_TASK TO COMPLETE_
Among the entries below, one stretch runs from the line that contains "#12=(NAMED_UNIT(*) SI_UNIT($,.STERADIAN.) SOLID_ANGLE_UNIT());" through the line that contains "#37=LINE('',#36,#35);". Repeat that stretch exactly, ends included, and only that.

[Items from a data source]
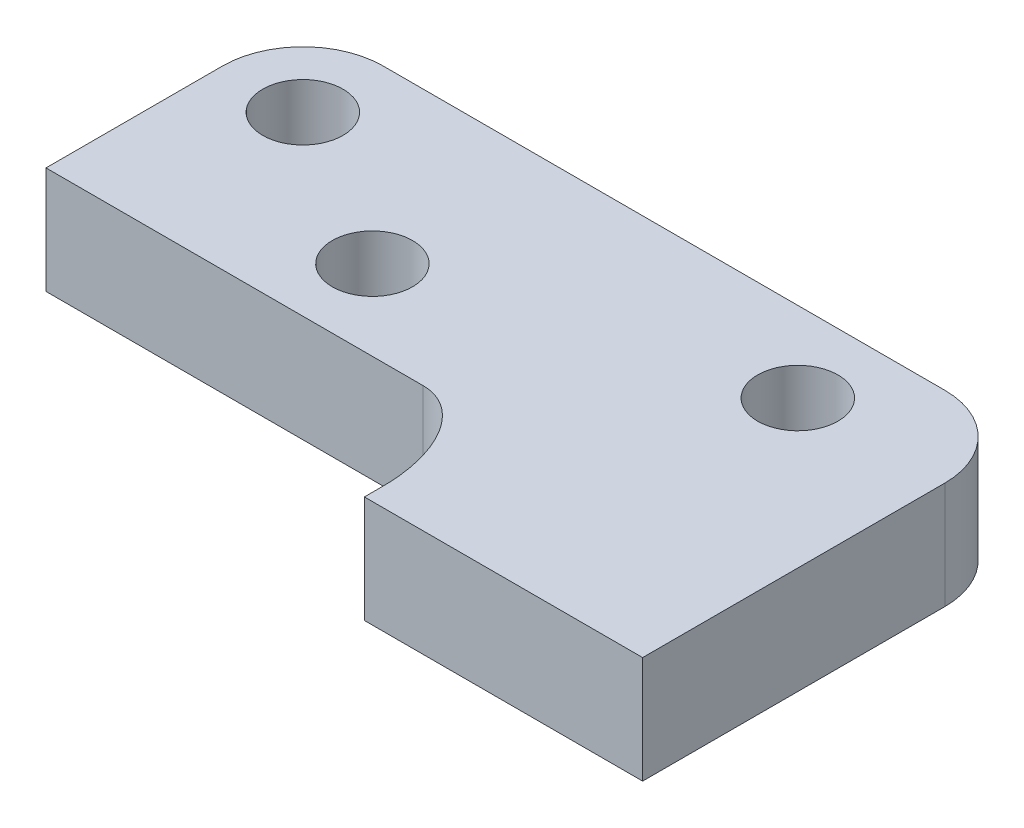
ISO-10303-21;
HEADER;
FILE_DESCRIPTION(('STEP AP214'),'2;1');
FILE_NAME('part.step','',(''),(''),'','','');
FILE_SCHEMA(('AUTOMOTIVE_DESIGN { 1 0 10303 214 1 1 1 1 }'));
ENDSEC;
DATA;
#1=APPLICATION_CONTEXT('core data for automotive mechanical design processes');
#2=APPLICATION_PROTOCOL_DEFINITION('international standard','automotive_design',2000,#1);
#3=PRODUCT_CONTEXT('',#1,'mechanical');
#4=PRODUCT('Part','Part','',(#3));
#5=PRODUCT_RELATED_PRODUCT_CATEGORY('part','',(#4));
#6=PRODUCT_DEFINITION_FORMATION('','',#4);
#7=PRODUCT_DEFINITION_CONTEXT('part definition',#1,'design');
#8=PRODUCT_DEFINITION('design','',#6,#7);
#9=PRODUCT_DEFINITION_SHAPE('','',#8);
#10=(LENGTH_UNIT() NAMED_UNIT(*) SI_UNIT(.MILLI.,.METRE.));
#11=(NAMED_UNIT(*) PLANE_ANGLE_UNIT() SI_UNIT($,.RADIAN.));
#12=(NAMED_UNIT(*) SI_UNIT($,.STERADIAN.) SOLID_ANGLE_UNIT());
#13=UNCERTAINTY_MEASURE_WITH_UNIT(LENGTH_MEASURE(1.E-05),#10,'distance_accuracy_value','');
#14=(GEOMETRIC_REPRESENTATION_CONTEXT(3) GLOBAL_UNCERTAINTY_ASSIGNED_CONTEXT((#13)) GLOBAL_UNIT_ASSIGNED_CONTEXT((#10,
#11,#12)) REPRESENTATION_CONTEXT('',''));
#15=CARTESIAN_POINT('',(0.,0.,0.));
#16=DIRECTION('',(0.,0.,1.));
#17=DIRECTION('',(1.,0.,0.));
#18=AXIS2_PLACEMENT_3D('',#15,#16,#17);
#19=CARTESIAN_POINT('',(4.35,-2.,-1.125));
#20=DIRECTION('',(-1.,0.,0.));
#21=DIRECTION('',(0.,0.,1.));
#22=AXIS2_PLACEMENT_3D('',#19,#20,#21);
#23=PLANE('',#22);
#24=CARTESIAN_POINT('',(4.35008091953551,-2.,-1.12499989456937));
#25=DIRECTION('',(0.,1.,0.));
#26=VECTOR('',#25,1.);
#27=LINE('',#24,#26);
#28=CARTESIAN_POINT('',(4.35004045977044,2.,-1.12499994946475));
#29=VERTEX_POINT('',#28);
#30=CARTESIAN_POINT('',(4.35004045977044,-2.,-1.12499994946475));
#31=VERTEX_POINT('',#30);
#32=EDGE_CURVE('E133',#29,#31,#27,.F.);
#33=ORIENTED_EDGE('',*,*,#32,.T.);
#34=DIRECTION('',(0.,0.,1.));
#35=VECTOR('',#34,1.);
#36=CARTESIAN_POINT('',(4.35,-2.,0.));
#37=LINE('',#36,#35);
#38=CARTESIAN_POINT('',(4.35,-2.,-0.425));
#39=VERTEX_POINT('',#38);
#40=EDGE_CURVE('E247',#31,#39,#37,.T.);
#41=ORIENTED_EDGE('',*,*,#40,.T.);
#42=DIRECTION('',(0.,1.,0.));
#43=VECTOR('',#42,1.);
#44=CARTESIAN_POINT('',(4.35,-2.,-0.425));
#45=LINE('',#44,#43);
#46=CARTESIAN_POINT('',(4.35,2.,-0.425));
#47=VERTEX_POINT('',#46);
#48=EDGE_CURVE('E131',#47,#39,#45,.F.);
#49=ORIENTED_EDGE('',*,*,#48,.F.);
#50=DIRECTION('',(0.,0.,1.));
#51=VECTOR('',#50,1.);
#52=CARTESIAN_POINT('',(4.35,2.,-1.125));
#53=LINE('',#52,#51);
#54=EDGE_CURVE('E100',#47,#29,#53,.F.);
#55=ORIENTED_EDGE('',*,*,#54,.T.);
#56=EDGE_LOOP('',(#33,#41,#49,#55));
#57=FACE_BOUND('',#56,.T.);
#58=ADVANCED_FACE('F17',(#57),#23,.T.);
#59=CARTESIAN_POINT('',(0.,-2.,0.));
#60=DIRECTION('',(0.,1.,0.));
#61=DIRECTION('',(0.,0.,1.));
#62=AXIS2_PLACEMENT_3D('',#59,#60,#61);
#63=PLANE('',#62);
#64=CARTESIAN_POINT('',(-3.05,-2.,-8.125));
#65=DIRECTION('',(0.,1.,0.));
#66=DIRECTION('',(0.,0.,1.));
#67=AXIS2_PLACEMENT_3D('',#64,#65,#66);
#68=CIRCLE('',#67,1.5);
#69=CARTESIAN_POINT('',(-3.05,-2.,-6.625));
#70=VERTEX_POINT('',#69);
#71=EDGE_CURVE('E221',#70,#70,#68,.T.);
#72=ORIENTED_EDGE('',*,*,#71,.T.);
#73=EDGE_LOOP('',(#72));
#74=FACE_BOUND('',#73,.T.);
#75=CARTESIAN_POINT('',(-9.25,-2.,-11.725));
#76=DIRECTION('',(0.,1.,0.));
#77=DIRECTION('',(0.,0.,1.));
#78=AXIS2_PLACEMENT_3D('',#75,#76,#77);
#79=CIRCLE('',#78,1.5);
#80=CARTESIAN_POINT('',(-9.25,-2.,-10.225));
#81=VERTEX_POINT('',#80);
#82=EDGE_CURVE('E368',#81,#81,#79,.T.);
#83=ORIENTED_EDGE('',*,*,#82,.T.);
#84=EDGE_LOOP('',(#83));
#85=FACE_BOUND('',#84,.T.);
#86=CARTESIAN_POINT('',(9.25,-2.,-11.725));
#87=DIRECTION('',(0.,1.,0.));
#88=DIRECTION('',(0.,0.,1.));
#89=AXIS2_PLACEMENT_3D('',#86,#87,#88);
#90=CIRCLE('',#89,1.5);
#91=CARTESIAN_POINT('',(9.25,-2.,-10.225));
#92=VERTEX_POINT('',#91);
#93=EDGE_CURVE('E267',#92,#92,#90,.T.);
#94=ORIENTED_EDGE('',*,*,#93,.T.);
#95=EDGE_LOOP('',(#94));
#96=FACE_BOUND('',#95,.T.);
#97=CARTESIAN_POINT('',(11.75,-2.,-11.725));
#98=DIRECTION('',(0.,1.,0.));
#99=DIRECTION('',(0.,0.,1.));
#100=AXIS2_PLACEMENT_3D('',#97,#98,#99);
#101=CIRCLE('',#100,3.);
#102=CARTESIAN_POINT('',(14.75,-2.,-11.725));
#103=VERTEX_POINT('',#102);
#104=CARTESIAN_POINT('',(11.75,-2.,-14.725));
#105=VERTEX_POINT('',#104);
#106=EDGE_CURVE('E233',#103,#105,#101,.T.);
#107=ORIENTED_EDGE('',*,*,#106,.F.);
#108=DIRECTION('',(0.,0.,-1.));
#109=VECTOR('',#108,1.);
#110=CARTESIAN_POINT('',(14.75,-2.,-0.425));
#111=LINE('',#110,#109);
#112=CARTESIAN_POINT('',(14.75,-2.,-0.425));
#113=VERTEX_POINT('',#112);
#114=EDGE_CURVE('E66',#113,#103,#111,.T.);
#115=ORIENTED_EDGE('',*,*,#114,.F.);
#116=DIRECTION('',(1.,0.,0.));
#117=VECTOR('',#116,1.);
#118=CARTESIAN_POINT('',(4.35,-2.,-0.425));
#119=LINE('',#118,#117);
#120=EDGE_CURVE('E76',#39,#113,#119,.T.);
#121=ORIENTED_EDGE('',*,*,#120,.F.);
#122=ORIENTED_EDGE('',*,*,#40,.F.);
#123=CARTESIAN_POINT('',(4.35008091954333,-2.,-1.12499990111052));
#124=CARTESIAN_POINT('',(4.35023973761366,-2.,-1.23796661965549));
#125=CARTESIAN_POINT('',(4.34750347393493,-2.,-1.35095608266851));
#126=CARTESIAN_POINT('',(4.33593330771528,-2.,-1.57684698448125));
#127=CARTESIAN_POINT('',(4.3270871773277,-2.,-1.68974779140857));
#128=CARTESIAN_POINT('',(4.30297655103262,-2.,-1.91496686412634));
#129=CARTESIAN_POINT('',(4.28770662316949,-2.,-2.0272845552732));
#130=CARTESIAN_POINT('',(4.25043635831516,-2.,-2.2521243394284));
#131=CARTESIAN_POINT('',(4.22836053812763,-2.,-2.36463389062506));
#132=CARTESIAN_POINT('',(4.17783080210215,-2.,-2.58814748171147));
#133=CARTESIAN_POINT('',(4.14938040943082,-2.,-2.69915231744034));
#134=CARTESIAN_POINT('',(4.08563637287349,-2.,-2.91911271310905));
#135=CARTESIAN_POINT('',(4.05034781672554,-2.,-3.02806973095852));
#136=CARTESIAN_POINT('',(3.97883042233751,-2.,-3.2252143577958));
#137=CARTESIAN_POINT('',(3.94375305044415,-2.,-3.3138190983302));
#138=CARTESIAN_POINT('',(3.86809085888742,-2.,-3.48865455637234));
#139=CARTESIAN_POINT('',(3.82750617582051,-2.,-3.57488533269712));
#140=CARTESIAN_POINT('',(3.74074328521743,-2.,-3.74420870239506));
#141=CARTESIAN_POINT('',(3.69458013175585,-2.,-3.82730898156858));
#142=CARTESIAN_POINT('',(3.59616160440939,-2.,-3.98982623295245));
#143=CARTESIAN_POINT('',(3.54390782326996,-2.,-4.06924416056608));
#144=CARTESIAN_POINT('',(3.44688591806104,-2.,-4.20392254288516));
#145=CARTESIAN_POINT('',(3.40355743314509,-2.,-4.26022083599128));
#146=CARTESIAN_POINT('',(3.31311905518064,-2.,-4.3696807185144));
#147=CARTESIAN_POINT('',(3.26601031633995,-2.,-4.42284325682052));
#148=CARTESIAN_POINT('',(3.16784943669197,-2.,-4.52534941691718));
#149=CARTESIAN_POINT('',(3.11680031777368,-2.,-4.57469590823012));
#150=CARTESIAN_POINT('',(3.03729013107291,-2.,-4.64538077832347));
#151=CARTESIAN_POINT('',(3.01029784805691,-2.,-4.66838619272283));
#152=CARTESIAN_POINT('',(2.95534563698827,-2.,-4.71321048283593));
#153=CARTESIAN_POINT('',(2.92738576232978,-2.,-4.73502942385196));
#154=CARTESIAN_POINT('',(2.85714472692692,-2.,-4.78719568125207));
#155=CARTESIAN_POINT('',(2.81427777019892,-2.,-4.81676275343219));
#156=CARTESIAN_POINT('',(2.72638479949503,-2.,-4.87248754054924));
#157=CARTESIAN_POINT('',(2.68135917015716,-2.,-4.89864585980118));
#158=CARTESIAN_POINT('',(2.58942071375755,-2.,-4.94710030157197));
#159=CARTESIAN_POINT('',(2.54251303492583,-2.,-4.96940617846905));
#160=CARTESIAN_POINT('',(2.44699524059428,-2.,-5.01003523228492));
#161=CARTESIAN_POINT('',(2.39838513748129,-2.,-5.02835843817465));
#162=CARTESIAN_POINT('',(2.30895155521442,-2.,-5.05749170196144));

_TASK ANSWER_
#12=(NAMED_UNIT(*) SI_UNIT($,.STERADIAN.) SOLID_ANGLE_UNIT());
#13=UNCERTAINTY_MEASURE_WITH_UNIT(LENGTH_MEASURE(1.E-05),#10,'distance_accuracy_value','');
#14=(GEOMETRIC_REPRESENTATION_CONTEXT(3) GLOBAL_UNCERTAINTY_ASSIGNED_CONTEXT((#13)) GLOBAL_UNIT_ASSIGNED_CONTEXT((#10,
#11,#12)) REPRESENTATION_CONTEXT('',''));
#15=CARTESIAN_POINT('',(0.,0.,0.));
#16=DIRECTION('',(0.,0.,1.));
#17=DIRECTION('',(1.,0.,0.));
#18=AXIS2_PLACEMENT_3D('',#15,#16,#17);
#19=CARTESIAN_POINT('',(4.35,-2.,-1.125));
#20=DIRECTION('',(-1.,0.,0.));
#21=DIRECTION('',(0.,0.,1.));
#22=AXIS2_PLACEMENT_3D('',#19,#20,#21);
#23=PLANE('',#22);
#24=CARTESIAN_POINT('',(4.35008091953551,-2.,-1.12499989456937));
#25=DIRECTION('',(0.,1.,0.));
#26=VECTOR('',#25,1.);
#27=LINE('',#24,#26);
#28=CARTESIAN_POINT('',(4.35004045977044,2.,-1.12499994946475));
#29=VERTEX_POINT('',#28);
#30=CARTESIAN_POINT('',(4.35004045977044,-2.,-1.12499994946475));
#31=VERTEX_POINT('',#30);
#32=EDGE_CURVE('E133',#29,#31,#27,.F.);
#33=ORIENTED_EDGE('',*,*,#32,.T.);
#34=DIRECTION('',(0.,0.,1.));
#35=VECTOR('',#34,1.);
#36=CARTESIAN_POINT('',(4.35,-2.,0.));
#37=LINE('',#36,#35);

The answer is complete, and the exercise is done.